AS10 | Guitarras de Assinatura 2020

AS10 | Guitarras de Assinatura 2020

Redacção

Sete guitarras e três baixos. Os dez instrumentos de assinatura mais “beras” de 2020, sem contar com unicórnios.

É uma das formas mais batidas das marcas matarem dois ou três coelhos de uma cajadada. As guitarras de assinatura prestam homenagem a um guitarrista emblemático e a um som histórico, o que por sua vez é cativante para vários fãs do respectivo músico ou para outros músicos que apreciem o seu carácter sonoro e, então, as marcas aumentam as suas vendas, à conta do carisma dos artistas. Para muitos, uma guitarra de assinatura não é mais que uma forma de merchandise demasiado caro.

E se há vários casos em que isso sucede, também é certo que as marcas e os próprios guitarristas começam a prestar mais atenção ao produto final, procurando criar algo de valor acrescentado nos ditos instrumentos. 2020 foi um ano de muitos, mesmo muitos instrumentos de assinatura. E nem vamos falar nos unicórnios que foram clonados e possuem edição limitadíssima, como a Iron Monkey SG de Iommi, a Les Paul de Adam Jones (Tool), a Purple Nebula de John Petrucci ou a Rocky Strat de George Harrison, entre muitas outras que podem encontrar através do nosso website.

Também excluimos o novo conceito da Gibson, de uma colecção curada por Slash, por englobar vários modelos eléctricos e acústicos. Este ano viu também chegar uma extraordinária colaboração entre Budda Guedes e a nacional Futone Guitars. É uma belíssima guitarra single cut em madeira de amieiro vermelho, num acabamento nitrocelular Butterscotchn que podem descobrir aqui.

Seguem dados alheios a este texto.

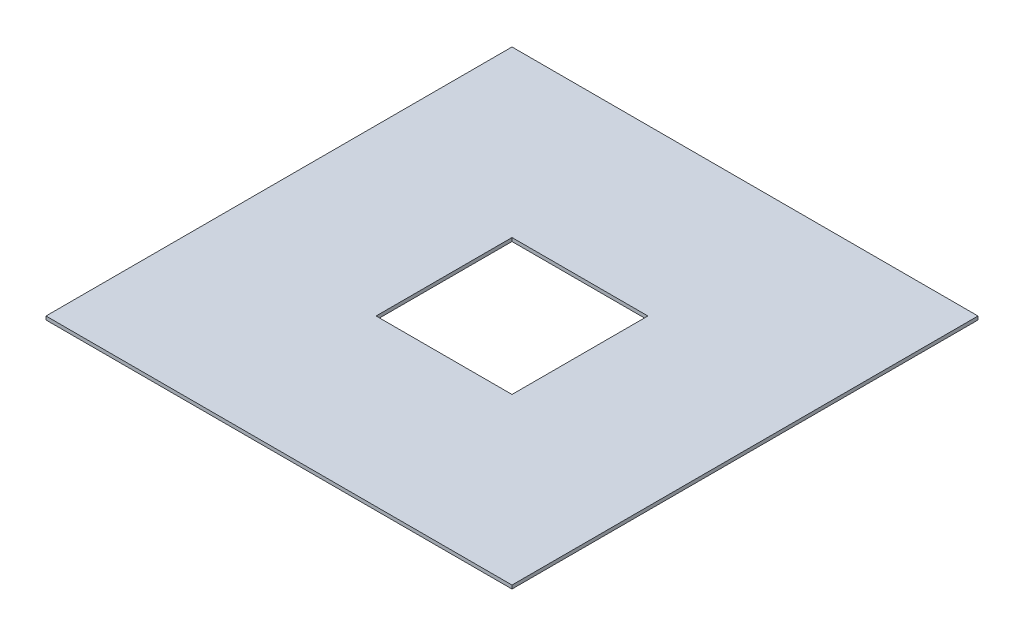
ISO-10303-21;
HEADER;
FILE_DESCRIPTION(('STEP AP214'),'2;1');
FILE_NAME('part.step','',(''),(''),'','','');
FILE_SCHEMA(('AUTOMOTIVE_DESIGN { 1 0 10303 214 1 1 1 1 }'));
ENDSEC;
DATA;
#1=APPLICATION_CONTEXT('core data for automotive mechanical design processes');
#2=APPLICATION_PROTOCOL_DEFINITION('international standard','automotive_design',2000,#1);
#3=PRODUCT_CONTEXT('',#1,'mechanical');
#4=PRODUCT('Part','Part','',(#3));
#5=PRODUCT_RELATED_PRODUCT_CATEGORY('part','',(#4));
#6=PRODUCT_DEFINITION_FORMATION('','',#4);
#7=PRODUCT_DEFINITION_CONTEXT('part definition',#1,'design');
#8=PRODUCT_DEFINITION('design','',#6,#7);
#9=PRODUCT_DEFINITION_SHAPE('','',#8);
#10=(LENGTH_UNIT() NAMED_UNIT(*) SI_UNIT(.MILLI.,.METRE.));
#11=(NAMED_UNIT(*) PLANE_ANGLE_UNIT() SI_UNIT($,.RADIAN.));
#12=(NAMED_UNIT(*) SI_UNIT($,.STERADIAN.) SOLID_ANGLE_UNIT());
#13=UNCERTAINTY_MEASURE_WITH_UNIT(LENGTH_MEASURE(1.E-05),#10,'distance_accuracy_value','');
#14=(GEOMETRIC_REPRESENTATION_CONTEXT(3) GLOBAL_UNCERTAINTY_ASSIGNED_CONTEXT((#13)) GLOBAL_UNIT_ASSIGNED_CONTEXT((#10,
#11,#12)) REPRESENTATION_CONTEXT('',''));
#15=CARTESIAN_POINT('',(0.,0.,0.));
#16=DIRECTION('',(0.,0.,1.));
#17=DIRECTION('',(1.,0.,0.));
#18=AXIS2_PLACEMENT_3D('',#15,#16,#17);
#19=CARTESIAN_POINT('',(0.,3.25180127018922,0.));
#20=DIRECTION('',(0.,1.,0.));
#21=DIRECTION('',(0.,0.,1.));
#22=AXIS2_PLACEMENT_3D('',#19,#20,#21);
#23=PLANE('',#22);
#24=DIRECTION('',(0.,0.,-1.));
#25=VECTOR('',#24,1.);
#26=CARTESIAN_POINT('',(1.2,3.25180127018922,-1.2));
#27=LINE('',#26,#25);
#28=CARTESIAN_POINT('',(1.2,3.25180127018922,1.2));
#29=VERTEX_POINT('',#28);
#30=CARTESIAN_POINT('',(1.2,3.25180127018922,-1.2));
#31=VERTEX_POINT('',#30);
#32=EDGE_CURVE('E137',#29,#31,#27,.T.);
#33=ORIENTED_EDGE('',*,*,#32,.T.);
#34=DIRECTION('',(-1.,0.,0.));
#35=VECTOR('',#34,1.);
#36=CARTESIAN_POINT('',(-1.2,3.25180127018922,-1.2));
#37=LINE('',#36,#35);
#38=CARTESIAN_POINT('',(-1.2,3.25180127018922,-1.2));
#39=VERTEX_POINT('',#38);
#40=EDGE_CURVE('E140',#31,#39,#37,.T.);
#41=ORIENTED_EDGE('',*,*,#40,.T.);
#42=DIRECTION('',(0.,0.,1.));
#43=VECTOR('',#42,1.);
#44=CARTESIAN_POINT('',(-1.2,3.25180127018922,-1.2));
#45=LINE('',#44,#43);
#46=CARTESIAN_POINT('',(-1.2,3.25180127018922,1.2));
#47=VERTEX_POINT('',#46);
#48=EDGE_CURVE('E143',#39,#47,#45,.T.);
#49=ORIENTED_EDGE('',*,*,#48,.T.);
#50=DIRECTION('',(1.,0.,0.));
#51=VECTOR('',#50,1.);
#52=CARTESIAN_POINT('',(-1.2,3.25180127018922,1.2));
#53=LINE('',#52,#51);
#54=EDGE_CURVE('E145',#47,#29,#53,.T.);
#55=ORIENTED_EDGE('',*,*,#54,.T.);
#56=EDGE_LOOP('',(#33,#41,#49,#55));
#57=FACE_BOUND('',#56,.T.);
#58=DIRECTION('',(-1.,0.,0.));
#59=VECTOR('',#58,1.);
#60=CARTESIAN_POINT('',(-0.35,3.25180127018922,-0.35));
#61=LINE('',#60,#59);
#62=CARTESIAN_POINT('',(0.35,3.25180127018922,-0.35));
#63=VERTEX_POINT('',#62);
#64=CARTESIAN_POINT('',(-0.35,3.25180127018922,-0.35));
#65=VERTEX_POINT('',#64);
#66=EDGE_CURVE('E109',#63,#65,#61,.T.);
#67=ORIENTED_EDGE('',*,*,#66,.F.);
#68=DIRECTION('',(0.,0.,-1.));
#69=VECTOR('',#68,1.);
#70=CARTESIAN_POINT('',(0.35,3.25180127018922,-0.35));
#71=LINE('',#70,#69);
#72=CARTESIAN_POINT('',(0.35,3.25180127018922,0.35));
#73=VERTEX_POINT('',#72);
#74=EDGE_CURVE('E101',#73,#63,#71,.T.);
#75=ORIENTED_EDGE('',*,*,#74,.F.);
#76=DIRECTION('',(1.,0.,0.));
#77=VECTOR('',#76,1.);
#78=CARTESIAN_POINT('',(-0.35,3.25180127018922,0.35));
#79=LINE('',#78,#77);
#80=CARTESIAN_POINT('',(-0.35,3.25180127018922,0.35));
#81=VERTEX_POINT('',#80);
#82=EDGE_CURVE('E123',#81,#73,#79,.T.);
#83=ORIENTED_EDGE('',*,*,#82,.F.);
#84=DIRECTION('',(0.,0.,1.));
#85=VECTOR('',#84,1.);
#86=CARTESIAN_POINT('',(-0.35,3.25180127018922,-0.35));
#87=LINE('',#86,#85);
#88=EDGE_CURVE('E121',#65,#81,#87,.T.);
#89=ORIENTED_EDGE('',*,*,#88,.F.);
#90=EDGE_LOOP('',(#67,#75,#83,#89));
#91=FACE_BOUND('',#90,.T.);
#92=ADVANCED_FACE('F36',(#57,#91),#23,.T.);
#93=CARTESIAN_POINT('',(0.,3.23380127018922,0.));
#94=DIRECTION('',(0.,1.,0.));
#95=DIRECTION('',(0.,0.,1.));
#96=AXIS2_PLACEMENT_3D('',#93,#94,#95);
#97=PLANE('',#96);
#98=DIRECTION('',(0.,0.,-1.));
#99=VECTOR('',#98,1.);
#100=CARTESIAN_POINT('',(1.2,3.23380127018922,-1.2));
#101=LINE('',#100,#99);
#102=CARTESIAN_POINT('',(1.2,3.23380127018922,1.2));
#103=VERTEX_POINT('',#102);
#104=CARTESIAN_POINT('',(1.2,3.23380127018922,-1.2));
#105=VERTEX_POINT('',#104);
#106=EDGE_CURVE('E117',#103,#105,#101,.T.);
#107=ORIENTED_EDGE('',*,*,#106,.F.);
#108=DIRECTION('',(1.,0.,0.));
#109=VECTOR('',#108,1.);
#110=CARTESIAN_POINT('',(-1.2,3.23380127018922,1.2));
#111=LINE('',#110,#109);
#112=CARTESIAN_POINT('',(-1.2,3.23380127018922,1.2));
#113=VERTEX_POINT('',#112);
#114=EDGE_CURVE('E141',#113,#103,#111,.T.);
#115=ORIENTED_EDGE('',*,*,#114,.F.);
#116=DIRECTION('',(0.,0.,1.));
#117=VECTOR('',#116,1.);
#118=CARTESIAN_POINT('',(-1.2,3.23380127018922,-1.2));
#119=LINE('',#118,#117);
#120=CARTESIAN_POINT('',(-1.2,3.23380127018922,-1.2));
#121=VERTEX_POINT('',#120);
#122=EDGE_CURVE('E152',#121,#113,#119,.T.);
#123=ORIENTED_EDGE('',*,*,#122,.F.);
#124=DIRECTION('',(-1.,0.,0.));
#125=VECTOR('',#124,1.);
#126=CARTESIAN_POINT('',(-1.2,3.23380127018922,-1.2));
#127=LINE('',#126,#125);
#128=EDGE_CURVE('E150',#105,#121,#127,.T.);
#129=ORIENTED_EDGE('',*,*,#128,.F.);
#130=EDGE_LOOP('',(#107,#115,#123,#129));
#131=FACE_BOUND('',#130,.T.);
#132=DIRECTION('',(0.,0.,-1.));
#133=VECTOR('',#132,1.);
#134=CARTESIAN_POINT('',(0.35,3.23380127018922,-0.35));
#135=LINE('',#134,#133);
#136=CARTESIAN_POINT('',(0.35,3.23380127018922,0.35));
#137=VERTEX_POINT('',#136);
#138=CARTESIAN_POINT('',(0.35,3.23380127018922,-0.35));
#139=VERTEX_POINT('',#138);
#140=EDGE_CURVE('E59',#137,#139,#135,.T.);
#141=ORIENTED_EDGE('',*,*,#140,.T.);
#142=DIRECTION('',(-1.,0.,0.));
#143=VECTOR('',#142,1.);
#144=CARTESIAN_POINT('',(-0.35,3.23380127018922,-0.35));
#145=LINE('',#144,#143);
#146=CARTESIAN_POINT('',(-0.35,3.23380127018922,-0.35));
#147=VERTEX_POINT('',#146);
#148=EDGE_CURVE('E116',#139,#147,#145,.T.);
#149=ORIENTED_EDGE('',*,*,#148,.T.);
#150=DIRECTION('',(0.,0.,1.));
#151=VECTOR('',#150,1.);
#152=CARTESIAN_POINT('',(-0.35,3.23380127018922,-0.35));
#153=LINE('',#152,#151);
#154=CARTESIAN_POINT('',(-0.35,3.23380127018922,0.35));
#155=VERTEX_POINT('',#154);
#156=EDGE_CURVE('E129',#147,#155,#153,.T.);
#157=ORIENTED_EDGE('',*,*,#156,.T.);
#158=DIRECTION('',(1.,0.,0.));
#159=VECTOR('',#158,1.);
#160=CARTESIAN_POINT('',(-0.35,3.23380127018922,0.35));
#161=LINE('',#160,#159);
#162=EDGE_CURVE('E110',#155,#137,#161,.T.);
#163=ORIENTED_EDGE('',*,*,#162,.T.);
#164=EDGE_LOOP('',(#141,#149,#157,#163));
#165=FACE_BOUND('',#164,.T.);
#166=ADVANCED_FACE('F170',(#131,#165),#97,.F.);
#167=CARTESIAN_POINT('',(1.2,3.25180127018922,-1.2));
#168=DIRECTION('',(-1.,0.,0.));
#169=DIRECTION('',(0.,0.,1.));
#170=AXIS2_PLACEMENT_3D('',#167,#168,#169);
#171=PLANE('',#170);
#172=ORIENTED_EDGE('',*,*,#106,.T.);
#173=DIRECTION('',(0.,-1.,0.));
#174=VECTOR('',#173,1.);
#175=CARTESIAN_POINT('',(1.2,3.25180127018922,-1.2));
#176=LINE('',#175,#174);
#177=EDGE_CURVE('E11',#31,#105,#176,.T.);
#178=ORIENTED_EDGE('',*,*,#177,.F.);
#179=ORIENTED_EDGE('',*,*,#32,.F.);
#180=DIRECTION('',(0.,-1.,0.));
#181=VECTOR('',#180,1.);
#182=CARTESIAN_POINT('',(1.2,3.25180127018922,1.2));
#183=LINE('',#182,#181);
#184=EDGE_CURVE('E147',#29,#103,#183,.T.);
#185=ORIENTED_EDGE('',*,*,#184,.T.);
#186=EDGE_LOOP('',(#172,#178,#179,#185));
#187=FACE_BOUND('',#186,.T.);
#188=ADVANCED_FACE('F38',(#187),#171,.F.);
#189=CARTESIAN_POINT('',(-1.2,3.25180127018922,-1.2));
#190=DIRECTION('',(0.,0.,1.));
#191=DIRECTION('',(1.,0.,0.));
#192=AXIS2_PLACEMENT_3D('',#189,#190,#191);
#193=PLANE('',#192);
#194=ORIENTED_EDGE('',*,*,#128,.T.);
#195=DIRECTION('',(0.,-1.,0.));
#196=VECTOR('',#195,1.);
#197=CARTESIAN_POINT('',(-1.2,3.25180127018922,-1.2));
#198=LINE('',#197,#196);
#199=EDGE_CURVE('E44',#39,#121,#198,.T.);
#200=ORIENTED_EDGE('',*,*,#199,.F.);
#201=ORIENTED_EDGE('',*,*,#40,.F.);
#202=ORIENTED_EDGE('',*,*,#177,.T.);
#203=EDGE_LOOP('',(#194,#200,#201,#202));
#204=FACE_BOUND('',#203,.T.);
#205=ADVANCED_FACE('F180',(#204),#193,.F.);
#206=CARTESIAN_POINT('',(-1.2,3.25180127018922,-1.2));
#207=DIRECTION('',(1.,0.,0.));
#208=DIRECTION('',(0.,0.,-1.));
#209=AXIS2_PLACEMENT_3D('',#206,#207,#208);
#210=PLANE('',#209);
#211=ORIENTED_EDGE('',*,*,#122,.T.);
#212=DIRECTION('',(0.,-1.,0.));
#213=VECTOR('',#212,1.);
#214=CARTESIAN_POINT('',(-1.2,3.25180127018922,1.2));
#215=LINE('',#214,#213);
#216=EDGE_CURVE('E157',#47,#113,#215,.T.);
#217=ORIENTED_EDGE('',*,*,#216,.F.);
#218=ORIENTED_EDGE('',*,*,#48,.F.);
#219=ORIENTED_EDGE('',*,*,#199,.T.);
#220=EDGE_LOOP('',(#211,#217,#218,#219));
#221=FACE_BOUND('',#220,.T.);
#222=ADVANCED_FACE('F164',(#221),#210,.F.);
#223=CARTESIAN_POINT('',(-1.2,3.25180127018922,1.2));
#224=DIRECTION('',(0.,0.,-1.));
#225=DIRECTION('',(-1.,0.,0.));
#226=AXIS2_PLACEMENT_3D('',#223,#224,#225);
#227=PLANE('',#226);
#228=ORIENTED_EDGE('',*,*,#114,.T.);
#229=ORIENTED_EDGE('',*,*,#184,.F.);
#230=ORIENTED_EDGE('',*,*,#54,.F.);
#231=ORIENTED_EDGE('',*,*,#216,.T.);
#232=EDGE_LOOP('',(#228,#229,#230,#231));
#233=FACE_BOUND('',#232,.T.);
#234=ADVANCED_FACE('F174',(#233),#227,.F.);
#235=CARTESIAN_POINT('',(0.35,3.25180127018922,-0.35));
#236=DIRECTION('',(-1.,0.,0.));
#237=DIRECTION('',(0.,0.,1.));
#238=AXIS2_PLACEMENT_3D('',#235,#236,#237);
#239=PLANE('',#238);
#240=ORIENTED_EDGE('',*,*,#140,.F.);
#241=DIRECTION('',(0.,-1.,0.));
#242=VECTOR('',#241,1.);
#243=CARTESIAN_POINT('',(0.35,3.25180127018922,0.35));
#244=LINE('',#243,#242);
#245=EDGE_CURVE('E105',#73,#137,#244,.T.);
#246=ORIENTED_EDGE('',*,*,#245,.F.);
#247=ORIENTED_EDGE('',*,*,#74,.T.);
#248=DIRECTION('',(0.,-1.,0.));
#249=VECTOR('',#248,1.);
#250=CARTESIAN_POINT('',(0.35,3.25180127018922,-0.35));
#251=LINE('',#250,#249);
#252=EDGE_CURVE('E104',#63,#139,#251,.T.);
#253=ORIENTED_EDGE('',*,*,#252,.T.);
#254=EDGE_LOOP('',(#240,#246,#247,#253));
#255=FACE_BOUND('',#254,.T.);
#256=ADVANCED_FACE('F103',(#255),#239,.T.);
#257=CARTESIAN_POINT('',(-0.35,3.25180127018922,-0.35));
#258=DIRECTION('',(0.,0.,1.));
#259=DIRECTION('',(1.,0.,0.));
#260=AXIS2_PLACEMENT_3D('',#257,#258,#259);
#261=PLANE('',#260);
#262=ORIENTED_EDGE('',*,*,#148,.F.);
#263=ORIENTED_EDGE('',*,*,#252,.F.);
#264=ORIENTED_EDGE('',*,*,#66,.T.);
#265=DIRECTION('',(0.,-1.,0.));
#266=VECTOR('',#265,1.);
#267=CARTESIAN_POINT('',(-0.35,3.25180127018922,-0.35));
#268=LINE('',#267,#266);
#269=EDGE_CURVE('E118',#65,#147,#268,.T.);
#270=ORIENTED_EDGE('',*,*,#269,.T.);
#271=EDGE_LOOP('',(#262,#263,#264,#270));
#272=FACE_BOUND('',#271,.T.);
#273=ADVANCED_FACE('F113',(#272),#261,.T.);
#274=CARTESIAN_POINT('',(-0.35,3.25180127018922,-0.35));
#275=DIRECTION('',(1.,0.,0.));
#276=DIRECTION('',(0.,0.,-1.));
#277=AXIS2_PLACEMENT_3D('',#274,#275,#276);
#278=PLANE('',#277);
#279=ORIENTED_EDGE('',*,*,#156,.F.);
#280=ORIENTED_EDGE('',*,*,#269,.F.);
#281=ORIENTED_EDGE('',*,*,#88,.T.);
#282=DIRECTION('',(0.,-1.,0.));
#283=VECTOR('',#282,1.);
#284=CARTESIAN_POINT('',(-0.35,3.25180127018922,0.35));
#285=LINE('',#284,#283);
#286=EDGE_CURVE('E51',#81,#155,#285,.T.);
#287=ORIENTED_EDGE('',*,*,#286,.T.);
#288=EDGE_LOOP('',(#279,#280,#281,#287));
#289=FACE_BOUND('',#288,.T.);
#290=ADVANCED_FACE('F203',(#289),#278,.T.);
#291=CARTESIAN_POINT('',(-0.35,3.25180127018922,0.35));
#292=DIRECTION('',(0.,0.,-1.));
#293=DIRECTION('',(-1.,0.,0.));
#294=AXIS2_PLACEMENT_3D('',#291,#292,#293);
#295=PLANE('',#294);
#296=ORIENTED_EDGE('',*,*,#162,.F.);
#297=ORIENTED_EDGE('',*,*,#286,.F.);
#298=ORIENTED_EDGE('',*,*,#82,.T.);
#299=ORIENTED_EDGE('',*,*,#245,.T.);
#300=EDGE_LOOP('',(#296,#297,#298,#299));
#301=FACE_BOUND('',#300,.T.);
#302=ADVANCED_FACE('F207',(#301),#295,.T.);
#303=CLOSED_SHELL('',(#92,#166,#188,#205,#222,#234,#256,#273,#290,#302));
#304=MANIFOLD_SOLID_BREP('B2',#303);
#305=ADVANCED_BREP_SHAPE_REPRESENTATION('',(#18,#304),#14);
#306=SHAPE_DEFINITION_REPRESENTATION(#9,#305);
ENDSEC;
END-ISO-10303-21;

De resto, estas são as guitarras (e dois baixos) de assinatura que mais nos impressionaram em 2020. Sem ordem específica.

WASHBURN NUNO BETTENCOURT NELE | O guitarrista luso-americano Nuno Bettencourt foi uma das estrelas da música presentes na NAMM 2020. O guitarrista passou pela booth da Wasburn Guitars, marca da qual é embaixador, com uma nova guitarra para mostrar, a “Nele”. «Estou muito contente por vos apresentar a novidade da família. Digam olá à Nele. Há anos que espero pela minha versão da lendária Telecaster. Com a Nele obtenho seis distintamente diferentes sonoridades, com um singular 6 way switch, esquerda para direita e para cima e baixo. Já foi usado no sexto álbum dos Extreme e estou a adorar esta miúda». A guitarra possui duas versões, a Deluxe e a Standard. As specs são em tudo similares, com algumas diferenças, principalmente, nas madeiras seleccionadas. Em ambas há o sistema de switch 6-way “Freeway Ultra”, que permite as seguintes activações: 1Neck Pickup; 2 Bridge + Neck Pickups; 3 Bridge Pickup; 4 Pickups in Series + In Phase; 5 Pickups in Series + Out of Phase; 6 Pickups in Parallel + Out of Phase. Podem descobrir mais sobre cada um dos modelos no artigo original.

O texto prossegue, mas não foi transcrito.